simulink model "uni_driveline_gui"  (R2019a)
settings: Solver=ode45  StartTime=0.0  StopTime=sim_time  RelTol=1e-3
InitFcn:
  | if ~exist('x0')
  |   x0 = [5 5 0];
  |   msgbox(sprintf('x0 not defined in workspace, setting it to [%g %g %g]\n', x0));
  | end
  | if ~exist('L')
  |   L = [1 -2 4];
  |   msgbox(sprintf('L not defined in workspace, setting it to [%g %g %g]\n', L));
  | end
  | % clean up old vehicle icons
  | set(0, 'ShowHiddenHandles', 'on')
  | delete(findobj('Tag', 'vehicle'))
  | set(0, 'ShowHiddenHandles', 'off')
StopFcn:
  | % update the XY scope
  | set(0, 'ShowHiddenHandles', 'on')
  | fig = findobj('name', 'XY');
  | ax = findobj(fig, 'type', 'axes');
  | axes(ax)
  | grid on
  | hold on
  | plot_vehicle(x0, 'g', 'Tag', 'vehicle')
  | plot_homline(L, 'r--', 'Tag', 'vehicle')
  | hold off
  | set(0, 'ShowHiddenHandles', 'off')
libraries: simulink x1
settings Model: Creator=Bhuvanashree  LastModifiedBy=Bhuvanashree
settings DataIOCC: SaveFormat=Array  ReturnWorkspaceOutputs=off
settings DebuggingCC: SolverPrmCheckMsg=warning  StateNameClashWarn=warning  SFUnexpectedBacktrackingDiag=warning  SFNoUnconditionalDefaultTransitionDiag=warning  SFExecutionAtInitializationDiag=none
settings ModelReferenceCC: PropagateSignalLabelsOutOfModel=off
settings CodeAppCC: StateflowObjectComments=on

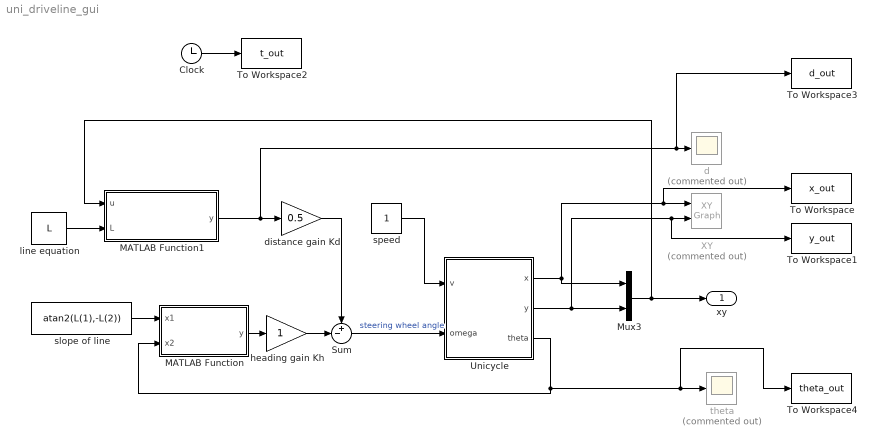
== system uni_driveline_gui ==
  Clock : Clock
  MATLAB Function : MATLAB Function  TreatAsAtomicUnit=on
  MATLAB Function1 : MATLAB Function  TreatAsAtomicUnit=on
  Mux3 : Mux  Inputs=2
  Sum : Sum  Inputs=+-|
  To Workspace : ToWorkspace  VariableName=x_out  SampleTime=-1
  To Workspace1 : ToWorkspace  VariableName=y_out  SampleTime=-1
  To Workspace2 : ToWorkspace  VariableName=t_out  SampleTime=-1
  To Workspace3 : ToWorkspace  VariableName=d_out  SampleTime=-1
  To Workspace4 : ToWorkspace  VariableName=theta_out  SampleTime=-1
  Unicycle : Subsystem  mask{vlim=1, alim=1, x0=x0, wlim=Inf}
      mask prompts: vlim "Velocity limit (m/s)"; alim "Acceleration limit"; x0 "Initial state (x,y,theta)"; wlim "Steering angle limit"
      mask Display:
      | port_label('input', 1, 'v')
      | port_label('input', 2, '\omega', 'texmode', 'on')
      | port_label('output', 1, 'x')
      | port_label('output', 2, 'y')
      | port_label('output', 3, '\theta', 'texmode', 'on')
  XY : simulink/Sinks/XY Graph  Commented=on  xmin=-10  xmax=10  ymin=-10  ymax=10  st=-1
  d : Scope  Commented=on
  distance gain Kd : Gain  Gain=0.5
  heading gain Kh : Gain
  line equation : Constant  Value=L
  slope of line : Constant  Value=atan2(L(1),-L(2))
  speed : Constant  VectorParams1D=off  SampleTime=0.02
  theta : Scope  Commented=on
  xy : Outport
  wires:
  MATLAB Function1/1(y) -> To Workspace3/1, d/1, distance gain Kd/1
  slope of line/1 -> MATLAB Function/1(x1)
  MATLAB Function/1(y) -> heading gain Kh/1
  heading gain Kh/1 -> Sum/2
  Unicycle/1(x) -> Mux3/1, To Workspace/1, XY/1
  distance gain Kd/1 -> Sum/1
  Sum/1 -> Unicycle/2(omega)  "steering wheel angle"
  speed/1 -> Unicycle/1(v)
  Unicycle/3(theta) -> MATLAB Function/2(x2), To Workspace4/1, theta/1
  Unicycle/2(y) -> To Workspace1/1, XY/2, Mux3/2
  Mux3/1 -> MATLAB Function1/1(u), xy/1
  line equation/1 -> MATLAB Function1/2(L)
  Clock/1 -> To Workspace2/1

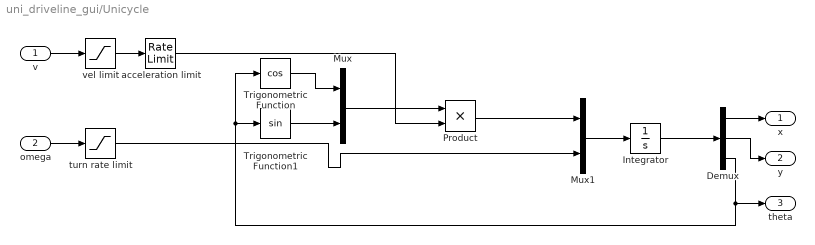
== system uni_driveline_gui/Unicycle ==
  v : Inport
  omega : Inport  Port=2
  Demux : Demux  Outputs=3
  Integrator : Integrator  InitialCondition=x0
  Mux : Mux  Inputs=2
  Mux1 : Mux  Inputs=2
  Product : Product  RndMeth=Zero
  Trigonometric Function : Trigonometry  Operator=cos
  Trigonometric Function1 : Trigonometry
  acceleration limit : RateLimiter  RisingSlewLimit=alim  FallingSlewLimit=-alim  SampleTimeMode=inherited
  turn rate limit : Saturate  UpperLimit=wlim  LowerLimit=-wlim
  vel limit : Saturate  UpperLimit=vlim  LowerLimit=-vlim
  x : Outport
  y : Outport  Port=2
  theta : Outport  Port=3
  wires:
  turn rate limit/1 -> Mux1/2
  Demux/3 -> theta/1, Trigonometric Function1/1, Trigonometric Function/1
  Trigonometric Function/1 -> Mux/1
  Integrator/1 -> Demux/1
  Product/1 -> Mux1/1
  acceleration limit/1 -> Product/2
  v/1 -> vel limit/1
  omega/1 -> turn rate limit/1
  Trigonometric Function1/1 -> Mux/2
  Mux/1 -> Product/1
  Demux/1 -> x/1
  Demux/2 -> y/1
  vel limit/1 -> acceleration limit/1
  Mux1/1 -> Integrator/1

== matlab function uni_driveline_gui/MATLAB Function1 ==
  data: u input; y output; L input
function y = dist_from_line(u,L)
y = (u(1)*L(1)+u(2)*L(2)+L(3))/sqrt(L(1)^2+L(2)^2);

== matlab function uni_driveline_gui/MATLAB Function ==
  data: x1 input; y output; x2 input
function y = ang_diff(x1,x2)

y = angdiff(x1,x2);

-- Problem --
Repeat the data exactly as written, but without the pictures.

-- Result of the task --
simulink model "uni_driveline_gui"  (R2019a)
settings: Solver=ode45  StartTime=0.0  StopTime=sim_time  RelTol=1e-3
InitFcn:
  | if ~exist('x0')
  |   x0 = [5 5 0];
  |   msgbox(sprintf('x0 not defined in workspace, setting it to [%g %g %g]\n', x0));
  | end
  | if ~exist('L')
  |   L = [1 -2 4];
  |   msgbox(sprintf('L not defined in workspace, setting it to [%g %g %g]\n', L));
  | end
  | % clean up old vehicle icons
  | set(0, 'ShowHiddenHandles', 'on')
  | delete(findobj('Tag', 'vehicle'))
  | set(0, 'ShowHiddenHandles', 'off')
StopFcn:
  | % update the XY scope
  | set(0, 'ShowHiddenHandles', 'on')
  | fig = findobj('name', 'XY');
  | ax = findobj(fig, 'type', 'axes');
  | axes(ax)
  | grid on
  | hold on
  | plot_vehicle(x0, 'g', 'Tag', 'vehicle')
  | plot_homline(L, 'r--', 'Tag', 'vehicle')
  | hold off
  | set(0, 'ShowHiddenHandles', 'off')
libraries: simulink x1
settings Model: Creator=Bhuvanashree  LastModifiedBy=Bhuvanashree
settings DataIOCC: SaveFormat=Array  ReturnWorkspaceOutputs=off
settings DebuggingCC: SolverPrmCheckMsg=warning  StateNameClashWarn=warning  SFUnexpectedBacktrackingDiag=warning  SFNoUnconditionalDefaultTransitionDiag=warning  SFExecutionAtInitializationDiag=none
settings ModelReferenceCC: PropagateSignalLabelsOutOfModel=off
settings CodeAppCC: StateflowObjectComments=on

== system uni_driveline_gui ==
  Clock : Clock
  MATLAB Function : MATLAB Function  TreatAsAtomicUnit=on
  MATLAB Function1 : MATLAB Function  TreatAsAtomicUnit=on
  Mux3 : Mux  Inputs=2
  Sum : Sum  Inputs=+-|
  To Workspace : ToWorkspace  VariableName=x_out  SampleTime=-1
  To Workspace1 : ToWorkspace  VariableName=y_out  SampleTime=-1
  To Workspace2 : ToWorkspace  VariableName=t_out  SampleTime=-1
  To Workspace3 : ToWorkspace  VariableName=d_out  SampleTime=-1
  To Workspace4 : ToWorkspace  VariableName=theta_out  SampleTime=-1
  Unicycle : Subsystem  mask{vlim=1, alim=1, x0=x0, wlim=Inf}
      mask prompts: vlim "Velocity limit (m/s)"; alim "Acceleration limit"; x0 "Initial state (x,y,theta)"; wlim "Steering angle limit"
      mask Display:
      | port_label('input', 1, 'v')
      | port_label('input', 2, '\omega', 'texmode', 'on')
      | port_label('output', 1, 'x')
      | port_label('output', 2, 'y')
      | port_label('output', 3, '\theta', 'texmode', 'on')
  XY : simulink/Sinks/XY Graph  Commented=on  xmin=-10  xmax=10  ymin=-10  ymax=10  st=-1
  d : Scope  Commented=on
  distance gain Kd : Gain  Gain=0.5
  heading gain Kh : Gain
  line equation : Constant  Value=L
  slope of line : Constant  Value=atan2(L(1),-L(2))
  speed : Constant  VectorParams1D=off  SampleTime=0.02
  theta : Scope  Commented=on
  xy : Outport
  wires:
  MATLAB Function1/1(y) -> To Workspace3/1, d/1, distance gain Kd/1
  slope of line/1 -> MATLAB Function/1(x1)
  MATLAB Function/1(y) -> heading gain Kh/1
  heading gain Kh/1 -> Sum/2
  Unicycle/1(x) -> Mux3/1, To Workspace/1, XY/1
  distance gain Kd/1 -> Sum/1
  Sum/1 -> Unicycle/2(omega)  "steering wheel angle"
  speed/1 -> Unicycle/1(v)
  Unicycle/3(theta) -> MATLAB Function/2(x2), To Workspace4/1, theta/1
  Unicycle/2(y) -> To Workspace1/1, XY/2, Mux3/2
  Mux3/1 -> MATLAB Function1/1(u), xy/1
  line equation/1 -> MATLAB Function1/2(L)
  Clock/1 -> To Workspace2/1

== system uni_driveline_gui/Unicycle ==
  v : Inport
  omega : Inport  Port=2
  Demux : Demux  Outputs=3
  Integrator : Integrator  InitialCondition=x0
  Mux : Mux  Inputs=2
  Mux1 : Mux  Inputs=2
  Product : Product  RndMeth=Zero
  Trigonometric Function : Trigonometry  Operator=cos
  Trigonometric Function1 : Trigonometry
  acceleration limit : RateLimiter  RisingSlewLimit=alim  FallingSlewLimit=-alim  SampleTimeMode=inherited
  turn rate limit : Saturate  UpperLimit=wlim  LowerLimit=-wlim
  vel limit : Saturate  UpperLimit=vlim  LowerLimit=-vlim
  x : Outport
  y : Outport  Port=2
  theta : Outport  Port=3
  wires:
  turn rate limit/1 -> Mux1/2
  Demux/3 -> theta/1, Trigonometric Function1/1, Trigonometric Function/1
  Trigonometric Function/1 -> Mux/1
  Integrator/1 -> Demux/1
  Product/1 -> Mux1/1
  acceleration limit/1 -> Product/2
  v/1 -> vel limit/1
  omega/1 -> turn rate limit/1
  Trigonometric Function1/1 -> Mux/2
  Mux/1 -> Product/1
  Demux/1 -> x/1
  Demux/2 -> y/1
  vel limit/1 -> acceleration limit/1
  Mux1/1 -> Integrator/1

== matlab function uni_driveline_gui/MATLAB Function1 ==
  data: u input; y output; L input
function y = dist_from_line(u,L)
y = (u(1)*L(1)+u(2)*L(2)+L(3))/sqrt(L(1)^2+L(2)^2);

== matlab function uni_driveline_gui/MATLAB Function ==
  data: x1 input; y output; x2 input
function y = ang_diff(x1,x2)

y = angdiff(x1,x2);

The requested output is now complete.